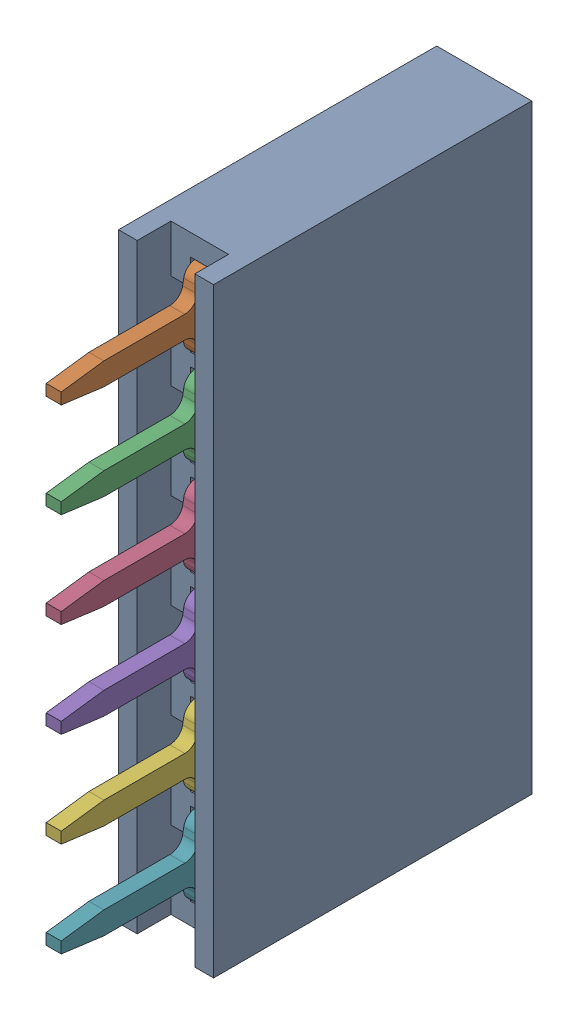
SolidWorks assembly H2_1.step, configuration Default. Lengths in mm.
Overall size (2.54 16.04 11.5).
8 component instances, 2 part files, 0 mates.
Components (placement in the parent):
- DS1023-1x6SF11_1.step-11: DS1023-1x6SF11_1.step [Default] at (501.645 334.5179 -1.647) x (0 -1 0) z (0 0 -1) size (16.04 2.54 11.5)
  - body_3.step-32: body_3.step [Default] at origin size (16.04 2.54 8.5)
  - contact_1.step-195: contact_1.step [Default] at origin size (2.3 0.4 9)
  - contact_1.step-196: contact_1.step [Default] at (2.54 0 0) size (2.3 0.4 9)
  - contact_1.step-199: contact_1.step [Default] at (5.08 0 0) size (2.3 0.4 9)
  - contact_1.step-200: contact_1.step [Default] at (7.62 0 0) size (2.3 0.4 9)
  - contact_1.step-201: contact_1.step [Default] at (10.16 0 0) size (2.3 0.4 9)
  - contact_1.step-202: contact_1.step [Default] at (12.7 0 0) size (2.3 0.4 9)
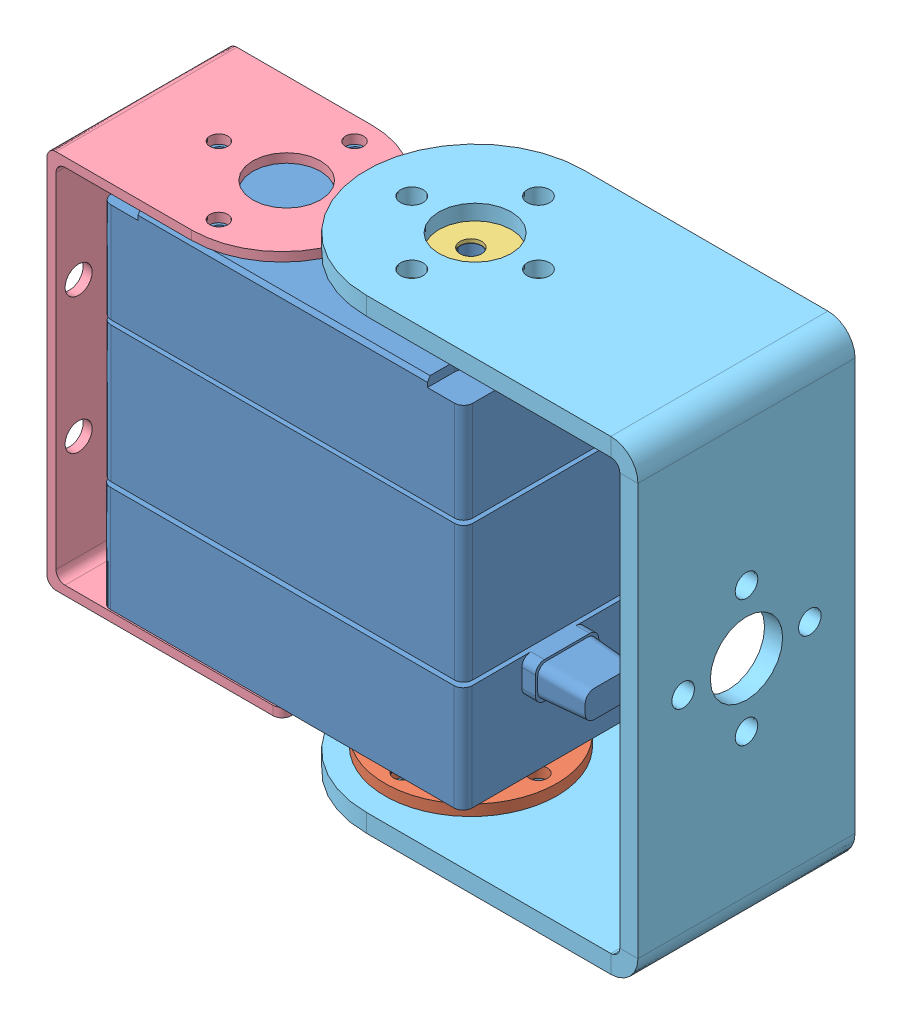
SolidWorks assembly Assembly, configuration Default. Lengths in mm.
Overall size (67.3 51.5 26.87).
5 component instances, 5 part files, 7 mates.
Components (placement in the parent):
- dual shaft servo-1: dual shaft servo [Predeterminado] at (14.992 2.8195 38.2318) size (46.51 48.8 20.07)
- accessory 1-1: accessory 1 [Predeterminado] at (35.7217 1.0691 58.2951) x (0.70399 0 0.71021) z (0.71021 0 -0.70399) size (19 2.2 19)
- accessory 2-2: accessory 2 [Predeterminado] at (7.8921 46.4181 29.4135) x (-0.683613 0 -0.729844) z (0.729844 0 -0.683613) size (19 3.2 19)
- support 1 ( dimensions check)-1: support 1 ( dimensions check) [Predeterminado] at (-9.1537 29.6478 38.798) x (0 1 0) z (0 0 -1) size (42 26 20)
- U Bracket-1: U Bracket [Défaut] at (58.1419 23.5615 38.2647) x (0 -1 0) z (0 0 -1) size (51.5 42 24)
Mates (geometry in assembly coordinates):
- Concentric14: concentric anti-aligned: circle of dual shaft servo-1; circle of accessory 1-1
- Concentric16: concentric aligned: circle of dual shaft servo-1; circle of accessory 2-2
- Parallel6: parallel anti-aligned: plane of dual shaft servo-1 through (-3.158 30.3195 28.2318) normal (-1 0 0); plane of support 1 ( dimensions check)-1 through (-8.1537 29.6478 38.798) normal (1 0 0)
- Concentric21: concentric anti-aligned: circle of dual shaft servo-1; circle of support 1 ( dimensions check)-1
- Concentric22: concentric anti-aligned: circle of dual shaft servo-1; circle of support 1 ( dimensions check)-1
- Parallel7: parallel anti-aligned: plane of dual shaft servo-1 through (36.842 30.3195 38.2318) normal (1 0 0); plane of U Bracket-1 through (56.1419 49.3115 26.2647) normal (-1 0 0)
- Concentric24: concentric anti-aligned: circle of accessory 1-1; circle of U Bracket-1

· · · ·

=== WHAT IS BEING ASKED ===
Above are records with pictures; repeat the records exactly and leave the pictures out.

=== TASK ANSWER ===
SolidWorks assembly H2_1.step, configuration Default. Lengths in mm.
Overall size (2.54 16.04 11.5).
8 component instances, 2 part files, 0 mates.
Components (placement in the parent):
- DS1023-1x6SF11_1.step-11: DS1023-1x6SF11_1.step [Default] at (501.645 334.5179 -1.647) x (0 -1 0) z (0 0 -1) size (16.04 2.54 11.5)
  - body_3.step-32: body_3.step [Default] at origin size (16.04 2.54 8.5)
  - contact_1.step-195: contact_1.step [Default] at origin size (2.3 0.4 9)
  - contact_1.step-196: contact_1.step [Default] at (2.54 0 0) size (2.3 0.4 9)
  - contact_1.step-199: contact_1.step [Default] at (5.08 0 0) size (2.3 0.4 9)
  - contact_1.step-200: contact_1.step [Default] at (7.62 0 0) size (2.3 0.4 9)
  - contact_1.step-201: contact_1.step [Default] at (10.16 0 0) size (2.3 0.4 9)
  - contact_1.step-202: contact_1.step [Default] at (12.7 0 0) size (2.3 0.4 9)
SolidWorks assembly Assembly, configuration Default. Lengths in mm.
Overall size (67.3 51.5 26.87).
5 component instances, 5 part files, 7 mates.
Components (placement in the parent):
- dual shaft servo-1: dual shaft servo [Predeterminado] at (14.992 2.8195 38.2318) size (46.51 48.8 20.07)
- accessory 1-1: accessory 1 [Predeterminado] at (35.7217 1.0691 58.2951) x (0.70399 0 0.71021) z (0.71021 0 -0.70399) size (19 2.2 19)
- accessory 2-2: accessory 2 [Predeterminado] at (7.8921 46.4181 29.4135) x (-0.683613 0 -0.729844) z (0.729844 0 -0.683613) size (19 3.2 19)
- support 1 ( dimensions check)-1: support 1 ( dimensions check) [Predeterminado] at (-9.1537 29.6478 38.798) x (0 1 0) z (0 0 -1) size (42 26 20)
- U Bracket-1: U Bracket [Défaut] at (58.1419 23.5615 38.2647) x (0 -1 0) z (0 0 -1) size (51.5 42 24)
Mates (geometry in assembly coordinates):
- Concentric14: concentric anti-aligned: circle of dual shaft servo-1; circle of accessory 1-1
- Concentric16: concentric aligned: circle of dual shaft servo-1; circle of accessory 2-2
- Parallel6: parallel anti-aligned: plane of dual shaft servo-1 through (-3.158 30.3195 28.2318) normal (-1 0 0); plane of support 1 ( dimensions check)-1 through (-8.1537 29.6478 38.798) normal (1 0 0)
- Concentric21: concentric anti-aligned: circle of dual shaft servo-1; circle of support 1 ( dimensions check)-1
- Concentric22: concentric anti-aligned: circle of dual shaft servo-1; circle of support 1 ( dimensions check)-1
- Parallel7: parallel anti-aligned: plane of dual shaft servo-1 through (36.842 30.3195 38.2318) normal (1 0 0); plane of U Bracket-1 through (56.1419 49.3115 26.2647) normal (-1 0 0)
- Concentric24: concentric anti-aligned: circle of accessory 1-1; circle of U Bracket-1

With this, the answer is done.